YOUR GOAL:
Output only the stretch of the listing that starts at the line containing "h = blk.add_hatch(dxfattribs=at)" and ends at the line containing "-10), (-638, 40)])", reproduced exactly with both ends.

INFORMATION SUPPLIED:
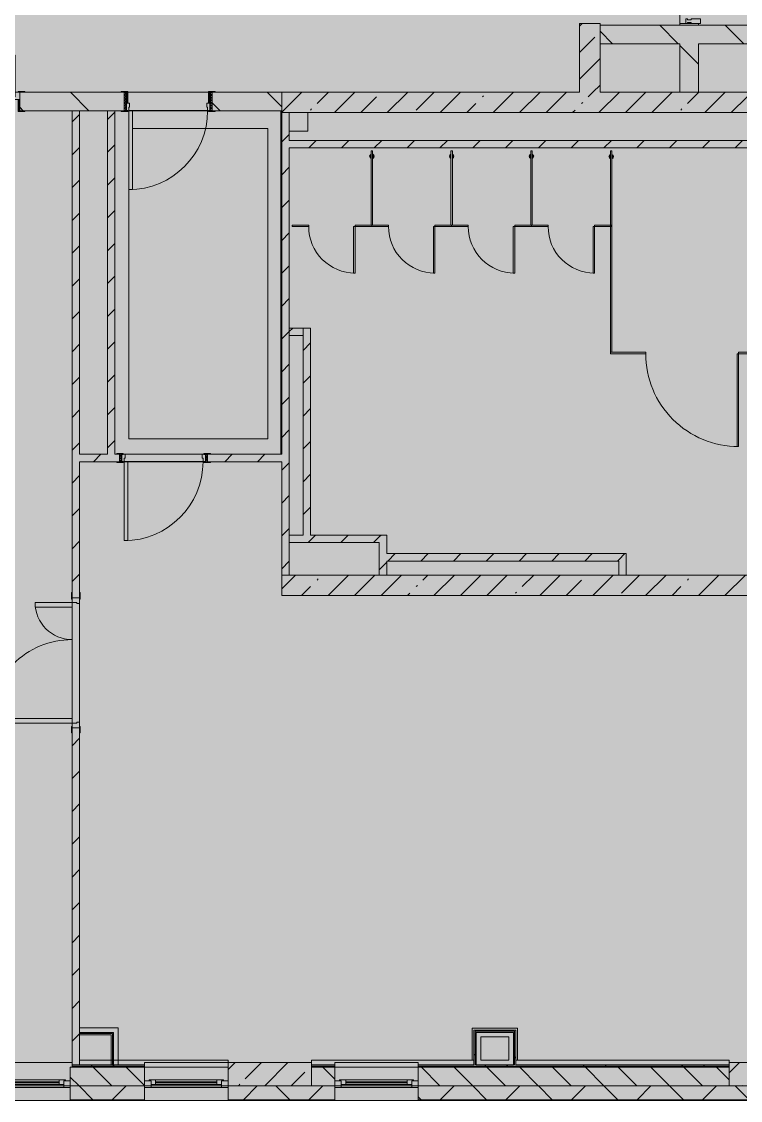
# Model space of a CAD drawing. Header units: millimetres. Extents: x -6228 to 200708, y -8553 to 29014.
# Drawn here: x 91405 to 99152, y -258 to 11360 of the extents above; entities that cross this region are included whole.
import ezdxf

# ---------------------------------------------------------------- set-up
doc = ezdxf.new("R2010")
doc.units = ezdxf.units.MM
for name, color, linetype, lineweight, true_color in [('A-DETL-1', 7, 'Continuous', 5, 0x737373), ('A-DOOR-1', 7, 'Continuous', 5, 0xb7b7b7), ('A-DOOR-2', 7, 'Continuous', 5, 0xe2e2e2), ('A-DOOR-3', 7, 'Continuous', 5, 0xaaaaaa), ('A-DOOR-4', 7, 'Continuous', 5, 0x737373), ('A-DOOR-FRAM-1', 7, 'Continuous', 5, 0xe2e2e2), ('A-DOOR-FRAM-2', 7, 'Continuous', 5, 0xb7b7b7), ('A-DOOR-FRAM-3', 7, 'Continuous', 5, 0xaaaaaa), ('A-FLOR-2', 7, 'Continuous', 5, 0xb7b7b7), ('A-GENM-1', 7, 'Continuous', 5, 0x737373), ('A-GENM-2', 7, 'Continuous', 5, 0xe2ddcd), ('A-GLAZ-1', 7, 'Continuous', 5, 0x737373), ('A-GLAZ-CWMG-2', 7, 'Continuous', 5, 0x737373), ('A-WALL-1', 7, 'Continuous', 5, 0x737373), ('A-WALL-2', 7, 'Continuous', 9, 0x737373), ('I-WALL-1', 7, 'Continuous', 5, 0xe7e7e7), ('I-WALL-2', 7, 'Continuous', 5, 0x737373), ('S-COLS-1', 7, 'Continuous', 5, 0x737373)]:
    doc.layers.add(name, color=color, linetype=linetype, lineweight=lineweight, true_color=true_color)
doc.layers.add('A-DETL-GENF-1', color=7, linetype='Continuous', lineweight=9, true_color=0xc0c0c0, transparency=0.4)
for name, color, linetype, lineweight in [('A-WALL', 7, 'Continuous', 5), ('I-WALL', 7, 'Continuous', 5), ('S-COLS', 7, 'Continuous', 5)]:
    doc.layers.add(name, color=color, linetype=linetype, lineweight=lineweight)
pattern_1 = [(45, (0, 0), (-176.7767, 176.7767), [])]
pattern_2 = [(45, (0, 0), (-285.1231, 285.1231), []), (45, (285.12, 0), (-285.1231, 285.1231), [504.031, -100.806, 16.764, -84.042])]
pattern_3 = [(135, (0, 0), (-353.5534, -353.5534), [])]
pattern_4 = [(45, (0, 0), (-530.33, 530.33), []), (135, (0, 0), (-530.33, -530.33), [])]

# ---------------------------------------------------------------- blocks, each defined once
blk = doc.blocks.new('120_Окно_СКБ_1Ст - 120_Окно_СКБ_1Ст 900х2500_h_ с форточкой-V62-2_1_3_птичка копия 1')
at = {"layer": 'A-GLAZ-1'}
for p, q in [((-450, -127), (-450, -57)), ((-450, -57), (-380, -57)), ((450, -57), (-450, -57)), ((-380, -57), (-380, -127)), ((380, -87), (-380, -87)), ((-380, -87), (-380, -127)), ((-330, -137), (-330, -87)), ((-330, -107), (330, -107)), ((330, -137), (330, -87)), ((380, -127), (380, -57)), ((380, -57), (450, -57)), ((380, -127), (380, -87)), ((450, -57), (450, -127)), ((-380, -127), (-450, -127)), ((-450, -127), (-400, -127)), ((-380, -127), (-400, -127)), ((-400, -127), (-400, -137)), ((-400, -137), (400, -137)), ((400, -137), (-400, -137)), ((330, -117), (-330, -117)), ((450, -127), (380, -127)), ((400, -127), (380, -127)), ((400, -127), (450, -127)), ((400, -137), (400, -127))]:
    blk.add_line(p, q, dxfattribs=at)
blk = doc.blocks.new('120_Окно_СКБ_1Ст - 120_Окно_СКБ_1Ст 900х2500_h_ с форточкой-22876038-2_1_3_птичка копия 1')
at = {"layer": 'A-GLAZ-1'}
for p, q in [((-450, -127), (-450, -57)), ((-450, -57), (-380, -57)), ((450, -57), (-450, -57)), ((-380, -57), (-380, -127)), ((380, -87), (-380, -87)), ((-380, -87), (-380, -127)), ((-330, -137), (-330, -87)), ((-330, -107), (330, -107)), ((330, -137), (330, -87)), ((380, -127), (380, -57)), ((380, -57), (450, -57)), ((380, -127), (380, -87)), ((450, -57), (450, -127)), ((-380, -127), (-450, -127)), ((-450, -127), (-400, -127)), ((-380, -127), (-400, -127)), ((-400, -127), (-400, -137)), ((-400, -137), (400, -137)), ((400, -137), (-400, -137)), ((330, -117), (-330, -117)), ((450, -127), (380, -127)), ((400, -127), (380, -127)), ((400, -127), (450, -127)), ((400, -137), (400, -127))]:
    blk.add_line(p, q, dxfattribs=at)
blk = doc.blocks.new('BSC_Колонна _Прямоугольная - 250х900-23282983-2_1_3_птичка копия 1')
at = {"layer": 'S-COLS'}
h = blk.add_hatch(dxfattribs=at)
h.set_pattern_fill('FP_68', color=256, style=0, pattern_type=2)
h.set_pattern_definition([(45, (-99480, -25), (-285.1231, 285.1231), []), (45, (-99194.88, -25), (-285.1231, 285.1231), [504.031, -100.806, 16.764, -84.042])])
h.paths.add_polyline_path([(450, -125), (450, 125), (-450, 125), (-450, -125), (121, -125)])
at = {"layer": 'S-COLS-1'}
for p, q in [((450, 125), (-450, 125)), ((-450, 125), (-450, -125)), ((450, -125), (450, 125)), ((-450, -125), (450, -125))]:
    blk.add_line(p, q, dxfattribs=at)
blk = doc.blocks.new('110_Дверь_СКБ_2Ст - Д-5_п_ Из игровой в коридор-32215844-2_1_3_птичка копия 1')
at = {"layer": 'A-DOOR-2'}
for points in [[(-638, 40), (-588, 40), (-588, 940), (-638, 940)], [(612, 440), (612, 40), (662, 40), (662, 440)]]:
    blk.add_hatch(color=256, dxfattribs=at).paths.add_polyline_path(points)
h = blk.add_hatch(color=256, dxfattribs=at)
h.paths.add_polyline_path([(-688, 40), (-688, -40), (-628, -40), (-628, -10), (-638, -10), (-638, 40)])
h.paths.add_polyline_path([(652, -40), (712, -40), (712, 40), (662, 40), (662, -10), (652, -10)])
at = {"layer": 'A-DOOR-FRAM-1'}
for points in [[(-742, 40), (-672, 40), (-672, 48), (-742, 48)], [(698, 40), (768, 40), (768, 48), (698, 48)], [(-742, -48), (-672, -48), (-672, -40), (-742, -40)], [(698, -48), (768, -48), (768, -40), (698, -40)]]:
    blk.add_hatch(color=256, dxfattribs=at).paths.add_polyline_path(points)
at = {"layer": 'A-DOOR-1'}
for p, q in [((-638, 940), (-638, 40)), ((-588, 940), (-638, 940)), ((-588, 40), (-588, 940)), ((662, 440), (612, 440)), ((612, 440), (612, 40)), ((662, 40), (662, 440)), ((-638, 40), (-588, 40)), ((612, 40), (662, 40))]:
    blk.add_line(p, q, dxfattribs=at)
for centre, radius, start, end in [((-638, 40), 900, 0, 90), ((662, 40), 400, 90, 180)]:
    blk.add_arc(centre, radius, start, end, dxfattribs=at)
at = {"layer": 'A-DOOR-FRAM-2'}
for p, q in [((-672, 48), (-742, 48)), ((-742, 48), (-742, 40)), ((-742, 40), (-672, 40)), ((-638, 40), (-688, 40)), ((-688, 40), (-688, -40)), ((-672, 40), (-672, 48)), ((-638, -10), (-638, 40)), ((662, 40), (662, -10)), ((712, 40), (662, 40)), ((768, 48), (698, 48)), ((698, 48), (698, 40)), ((698, 40), (768, 40)), ((712, -40), (712, 40)), ((768, 40), (768, 48)), ((-672, -40), (-742, -40)), ((-742, -40), (-742, -48)), ((-742, -48), (-672, -48)), ((-688, -40), (-628, -40)), ((-672, -39), (-688, -39)), ((-688, -39), (-688, -40)), ((-688, -40), (-672, -40)), ((-672, -40), (-672, -39)), ((-672, -48), (-672, -40)), ((-628, -10), (-638, -10)), ((-628, -40), (-628, -10)), ((662, -10), (652, -10)), ((652, -10), (652, -40)), ((652, -40), (712, -40)), ((712, -39), (698, -39)), ((698, -39), (698, -40)), ((698, -40), (712, -40)), ((768, -40), (698, -40)), ((698, -40), (698, -48)), ((698, -48), (768, -48)), ((712, -40), (712, -39)), ((768, -48), (768, -40))]:
    blk.add_line(p, q, dxfattribs=at)
blk = doc.blocks.new('110_Дверь_СКБ_2Ст - Д-2а_п_ Из коридора на лестницу-32215207-2_1_3_птичка копия 1')
at = {"layer": 'A-DOOR-2'}
for points in [[(-587.5, 100), (-587.5, 1000), (-637.5, 1000), (-637.5, 100)], [(612.5, 100), (662.5, 100), (662.5, 500), (612.5, 500), (612.5, 427.3)], [(712.5, -100), (712.5, 20), (697.5, 20), (697.5, -100)]]:
    blk.add_hatch(color=256, dxfattribs=at).paths.add_polyline_path(points)
h = blk.add_hatch(color=256, dxfattribs=at)
h.paths.add_polyline_path([(652.5, 20), (712.5, 20), (712.5, 100), (662.5, 100), (657, 50), (652.5, 50)])
h.paths.add_polyline_path([(-687.5, 20), (-627.5, 20), (-627.5, 50), (-637.5, 50), (-637.5, 100), (-687.5, 100)])
at = {"layer": 'A-DOOR-FRAM-1'}
for points in [[(-672.5, 100), (-672.5, 108), (-742.5, 108), (-742.5, 100)], [(-672.5, -100), (-672.5, 20), (-687.5, 20), (-687.5, -100)], [(767.5, 100), (767.5, 108), (697.5, 108), (697.5, 100)], [(-672.5, -108), (-672.5, -100), (-742.5, -100), (-742.5, -108)], [(767.5, -108), (767.5, -100), (697.5, -100), (697.5, -108)]]:
    blk.add_hatch(color=256, dxfattribs=at).paths.add_polyline_path(points)
at = {"layer": 'A-DOOR-1'}
for p, q in [((-637.5, 1000), (-637.5, 100)), ((-587.5, 1000), (-637.5, 1000)), ((-587.5, 100), (-587.5, 1000)), ((662.5, 500), (612.5, 500)), ((612.5, 500), (612.5, 100)), ((662.5, 100), (662.5, 500)), ((-637.5, 100), (-587.5, 100)), ((612.5, 100), (662.5, 100))]:
    blk.add_line(p, q, dxfattribs=at)
for centre, radius, start, end in [((-637.5, 100), 900, 0, 90), ((662.5, 100), 400, 90, 180)]:
    blk.add_arc(centre, radius, start, end, dxfattribs=at)
at = {"layer": 'A-DOOR-FRAM-2'}
for p, q in [((-672.5, 108), (-742.5, 108)), ((-742.5, 108), (-742.5, 100)), ((-742.5, 100), (-672.5, 100)), ((-637.5, 100), (-687.5, 100)), ((-687.5, 100), (-687.5, 20)), ((-687.5, 20), (-627.5, 20)), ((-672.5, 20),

SOLUTION TO THE EXERCISE:
h = blk.add_hatch(dxfattribs=at)
h.set_pattern_fill('FP_68', color=256, style=0, pattern_type=2)
h.set_pattern_definition([(45, (-99480, -25), (-285.1231, 285.1231), []), (45, (-99194.88, -25), (-285.1231, 285.1231), [504.031, -100.806, 16.764, -84.042])])
h.paths.add_polyline_path([(450, -125), (450, 125), (-450, 125), (-450, -125), (121, -125)])
at = {"layer": 'S-COLS-1'}
for p, q in [((450, 125), (-450, 125)), ((-450, 125), (-450, -125)), ((450, -125), (450, 125)), ((-450, -125), (450, -125))]:
    blk.add_line(p, q, dxfattribs=at)
blk = doc.blocks.new('110_Дверь_СКБ_2Ст - Д-5_п_ Из игровой в коридор-32215844-2_1_3_птичка копия 1')
at = {"layer": 'A-DOOR-2'}
for points in [[(-638, 40), (-588, 40), (-588, 940), (-638, 940)], [(612, 440), (612, 40), (662, 40), (662, 440)]]:
    blk.add_hatch(color=256, dxfattribs=at).paths.add_polyline_path(points)
h = blk.add_hatch(color=256, dxfattribs=at)
h.paths.add_polyline_path([(-688, 40), (-688, -40), (-628, -40), (-628, -10), (-638, -10), (-638, 40)])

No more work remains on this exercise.